[MD] Core problemS
Ron Kulp
RKulp at ebwalshinc.com
Thu Aug 28 07:07:44 PDT 2008
Ron,
I find this to be contradictory and I know we (as in this forum)
have had discussion on whether the levels are continuous and overlap, or
are discrete and conflict. But, maybe what I put forward below might
help clarify these two seemingly contradictory passages by Pirsig.
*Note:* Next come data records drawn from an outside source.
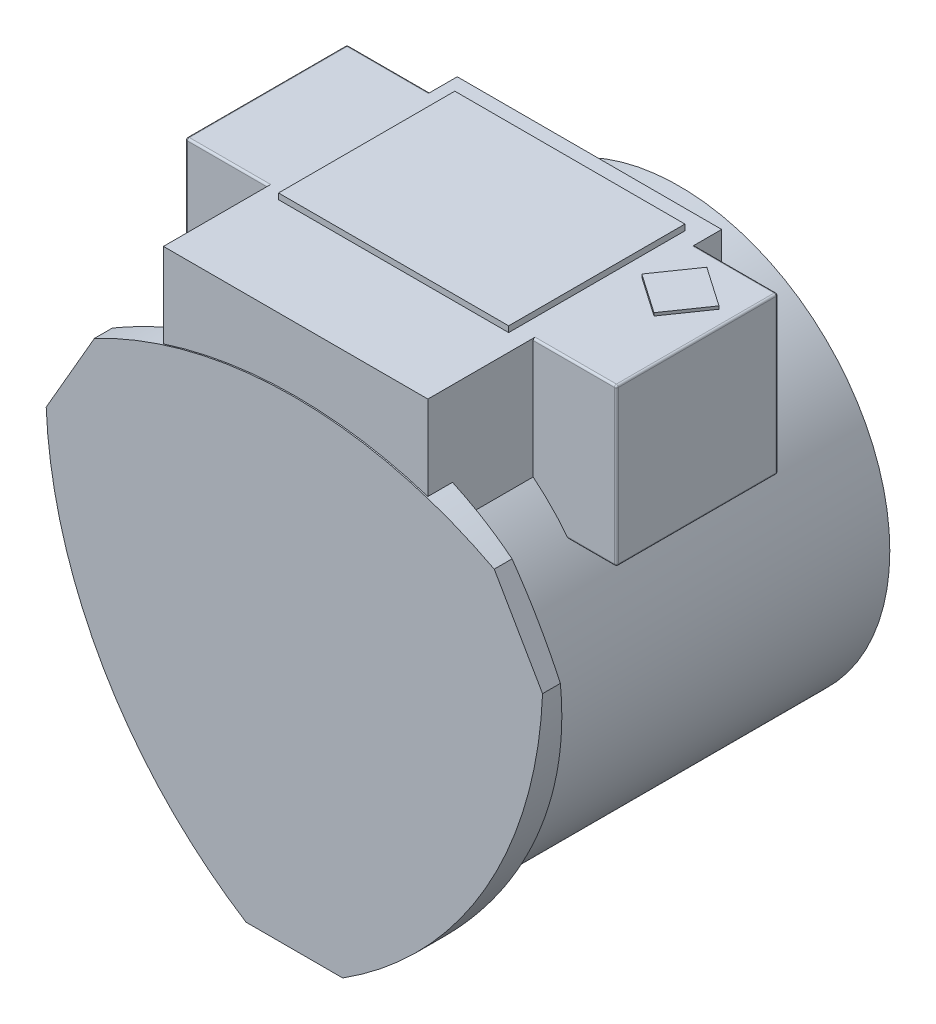
SolidWorks part; units mm, degrees
ref_plane "前视基准面" through (0, 0, 0) normal (0, 0, 1) x (1, 0, 0)
ref_plane "上视基准面" through (0, 0, 0) normal (0, 1, 0) x (1, 0, 0)
ref_plane "右视基准面" through (0, 0, 0) normal (1, 0, 0) x (0, 0, -1)
sketch "草图1" plane through (0, 0, 0) normal (0, 0, 1) x (1, 0, 0)
  circle A0 centre (0, 0) radius 215
  dimension "D1" = 430
extrude "凸台-拉伸1" add sketch "草图1" along normal blind 363
sketch "草图4" plane through (0, 0, 0) normal (0, 1, 0) x (1, 0, 0)
  line L0 (314.6296, -393) -> (0, -393)
  line L1 (0, 172.6389) -> (0, -955.7224) construction
  line L2 (-215, -363) -> (215, -363) construction
  line L3 (0, -327.9077) -> (0, -393)
  arc A0 (314.6296, -393) -> (0, -327.9077) centre (0, -1120.8493) ccw
  dimension "D1" = 30
revolve "旋转1" add sketch "草图4" angle 360 about L1
sketch "草图5" plane through (0, 0, 393) normal (0, 0, 1) x (1, 0, 0)
  line L0 (0, -215) -> (0, 0)
  line L1 (-186.1955, 107.5) -> (0, 0)
  line L2 (186.1955, 107.5) -> (0, 0)
  line L3 (186.1955, 107.5) -> (252.1535, 145.5809) construction
  line L4 (204.0832, 174.8077) -> (253.4295, 89.3374)
  line L5 (49.3463, -264.1451) -> (-49.3463, -264.1451)
  line L6 (-253.4295, 89.3374) -> (-204.0832, 174.8077)
  circle A0 centre (0, 0) radius 215 construction
  circle A1 centre (0, 0) radius 215
  arc A2 (-243.802, 106.0128) -> (-30.0912, -264.1451) centre (186.1955, 107.5) ccw
  arc A3 (30.0912, -264.1451) -> (243.802, 106.0128) centre (-186.1955, 107.5) ccw
  arc A4 (213.7107, 158.1323) -> (-213.7107, 158.1323) centre (0, -215) ccw
  arc A5 (-253.4295, 89.3374) -> (-49.3463, -264.1451) centre (186.1955, 107.5) ccw
  arc A6 (49.3463, -264.1451) -> (253.4295, 89.3374) centre (-186.1955, 107.5) ccw
  arc A7 (204.0832, 174.8077) -> (-204.0832, 174.8077) centre (0, -215) ccw
  arc A9 (252.1535, 145.5809) -> (-252.1535, 145.5809) centre (0, -215) ccw construction
  arc A10 (0, -291.1618) -> (252.1535, 145.5809) centre (-186.1955, 107.5) ccw construction
  arc A11 (242.5709, 140.0484) -> (-242.5709, 140.0484) centre (0, -215) ccw construction
  arc A12 (0, -280.0968) -> (242.5709, 140.0484) centre (-186.1955, 107.5) ccw construction
  arc A13 (-242.5709, 140.0484) -> (0, -280.0968) centre (186.1955, 107.5) ccw construction
  arc A14 (-252.1535, 145.5809) -> (0, -291.1618) centre (186.1955, 107.5) ccw construction
  point P9 (0, 0)
  point P19 (228.7563, 132.0725)
  point P27 (0, 0)
  dimension "D2" = 10
  dimension "D1" = 3
  dimension "D3" = 3
extrude "切除-拉伸-薄壁1" cut sketch "草图5" against normal blind 107 thin contours L6 A7 L4 A6 L5 A5
sketch3d "3D草图12"
  line L0 (0, 290, 0) -> (0, 290, 443.0924) construction
  line L1 (-135, 290, 201.6912) -> (135, 290, 201.6912) construction
  line L2 (-135, 290, 91.6912) -> (135, 290, 91.6912)
  line L3 (-135, 290, 91.6912) -> (-135, 290, 119.1912)
  line L4 (-135, 290, 391.6912) -> (135, 290, 391.6912)
  line L5 (135, 290, 91.6912) -> (135, 290, 119.1912)
  line L6 (0, 290, 391.6912) -> (0, 290, 91.6912) construction
  line L7 (-135, 290, 241.6912) -> (135, 290, 241.6912) construction
  line L8 (-135, 290, 284.1912) -> (-135, 290, 391.6912)
  line L9 (-220, 290, 119.1912) -> (-220, 290, 284.1912)
  line L10 (-220, 290, 119.1912) -> (-135, 290, 119.1912)
  line L11 (135, 290, 284.1912) -> (135, 290, 391.6912)
  line L12 (-220, 290, 284.1912) -> (-135, 290, 284.1912)
  line L13 (-50, 290, 201.6912) -> (-220, 290, 201.6912) construction
  line L14 (-135, 290, 119.1912) -> (-135, 290, 241.6912) construction
  line L16 (135, 290, 119.1912) -> (220, 290, 119.1912)
  line L17 (220, 290, 119.1912) -> (220, 290, 284.1912)
  line L18 (135, 290, 284.1912) -> (220, 290, 284.1912)
  line L19 (220, 290, 201.6912) -> (50, 290, 201.6912) construction
  line L20 (135, 290, 119.1912) -> (135, 290, 284.1912) construction
  point P3 (0, 290, 241.6912)
  dimension "D2" = 270
  dimension "D1" = 300
  dimension "D3" = 190
  dimension "D4" = 165
  dimension "D5" = 85
  dimension "D6" = 165
  dimension "D7" = 85
extrude "凸台-拉伸4" add sketch "3D草图12" along direction (0, 1, 0) on the side of the normal blind 160
sketch "草图10" plane through (0, 290, 0) normal (0, 1, 0) x (1, 0, 0)
  line L0 (0, -391.6912) -> (0, -26.2076) construction
  line L1 (0, -26.2076) -> (0, 0) construction
  line L2 (-220, -201.6912) -> (220, -201.6912) construction
  line L4 (-117.5, -291.6912) -> (117.5, -291.6912)
  line L5 (-117.5, -291.6912) -> (-117.5, -111.6912)
  line L6 (-117.5, -111.6912) -> (117.5, -111.6912)
  line L7 (117.5, -291.6912) -> (117.5, -111.6912)
  line L8 (0, -111.6912) -> (0, -291.6912) construction
  line L9 (-117.5, -201.6912) -> (117.5, -201.6912) construction
  line L12 (135, -284.1912) -> (220, -284.1912)
  line L13 (220, -284.1912) -> (220, -119.1912)
  line L14 (220, -119.1912) -> (135, -119.1912)
  line L15 (135, -119.1912) -> (135, -91.6912)
  line L16 (135, -91.6912) -> (-135, -91.6912)
  line L17 (-135, -91.6912) -> (-135, -119.1912)
  line L18 (-135, -119.1912) -> (-220, -119.1912)
  line L19 (-220, -119.1912) -> (-220, -284.1912)
  line L20 (-220, -284.1912) -> (-135, -284.1912)
  line L21 (-135, -284.1912) -> (-135, -391.6912)
  line L22 (-135, -391.6912) -> (135, -391.6912)
  line L23 (135, -391.6912) -> (135, -284.1912)
  line L24 (135, -284.1912) -> (220, -284.1912)
  line L25 (220, -284.1912) -> (220, -119.1912)
  line L26 (220, -119.1912) -> (135, -119.1912)
  line L27 (135, -119.1912) -> (135, -91.6912)
  line L28 (135, -91.6912) -> (-135, -91.6912)
  line L29 (-135, -91.6912) -> (-135, -119.1912)
  line L30 (-135, -119.1912) -> (-220, -119.1912)
  line L31 (-220, -119.1912) -> (-220, -284.1912)
  line L32 (-220, -284.1912) -> (-135, -284.1912)
  line L33 (-135, -284.1912) -> (-135, -391.6912)
  line L34 (-135, -391.6912) -> (135, -391.6912)
  line L35 (135, -391.6912) -> (135, -284.1912)
  point P18 (0, -201.6912)
  dimension "D2" = 235
  dimension "D3" = 100
  dimension "D1" = 0
extrude "凸台-拉伸5" add sketch "草图10" along normal blind 6 contours L4 L7 L6 L5
fillet "圆角3" radius 2 16 edges
ref_plane "基准面1" through (-80, 0, 0) normal (-1, 0, 0) x (0, 0, 1)
ref_plane "基准面2" through (-180, 0, 0) normal (1, 0, 0) x (0, 0, -1)
sketch "草图33" plane through (0, 290, 0) normal (0, 1, 0) x (1, 0, 0)
  line L0 (163.8186, -135.7013) -> (204.2072, -163.6627)
  line L1 (163.8186, -135.7013) -> (136.6837, -174.8962)
  line L2 (204.2072, -163.6627) -> (177.0723, -202.8575)
  line L3 (136.6837, -174.8962) -> (177.0723, -202.8575)
extrude "凸台-拉伸20" add sketch "草图33" along normal blind 3
ref_plane "基准面3" through (-23.9985, 0, 34.6644) normal (0.5692, 0, -0.8222) x (-0.8222, 0, -0.5692)
ref_plane "基准面4" through (0, 0, 0) normal (0, 0, -1) x (-1, 0, 0)
sketch "草图34" plane through (0, 0, 0) normal (0, 0, -1) x (-1, 0, 0)
  circle A0 centre (0, 0) radius 50
extrude "凸台-拉伸21" add sketch "草图34" along normal blind 10

My take on levels and what's between the levels: I find static
quality to emerge from dynamic quality, thus, it's not linear for me,
it's more like rising mountains. Here's my analogy. The valleys are
dynamic quality and the mountains rising out of dynamic quality are
static quality. Static quality rising out of dynamic quality, but never
detaches from dynamic quality. One could still find dynamic quality in
the mountains with the blooming flowers emerging from the mountains, so,
in this case, the mountains are dynamic quality and the blooming
emerging flowers are static quality. Simply put, static quality emerges
out of dynamic quality but never detaches from dynamic quality and
between static patterns one may find dynamic quality as the transitional
state between static patterns where the static patterns are not readily
defined.
Anyways, to not detract from your original question too far, I find
this to be very conflicting. Pirsig says one thing and then says the
complete opposite, unless... When Pirsig says 'but not all biological
patterns are social' this is the discrete part. What about the 'all
social patterns are biological', maybe the defining here is not focused
on 'What are the social patterns', so, therefore the definition is about
biological patterns only, but once one defines the social patterns or
the social patterns emerge from the biological patterns a clear
distinction can be made, thus, a clear discrete categorization can be
developed. To make a clear distinction between social and biological
patterns, they need to be discrete patterns, patterns that differ from
each other.
what do you think?
Ron:
I still believe seeing Quality as a substance is the wrong way to go.
I think Quality as description of experience comes closer to what
Pirsig is talking about. Experience is infinitely definable thus
remains undefined.
I'd like to hear what others think before I chime in any further.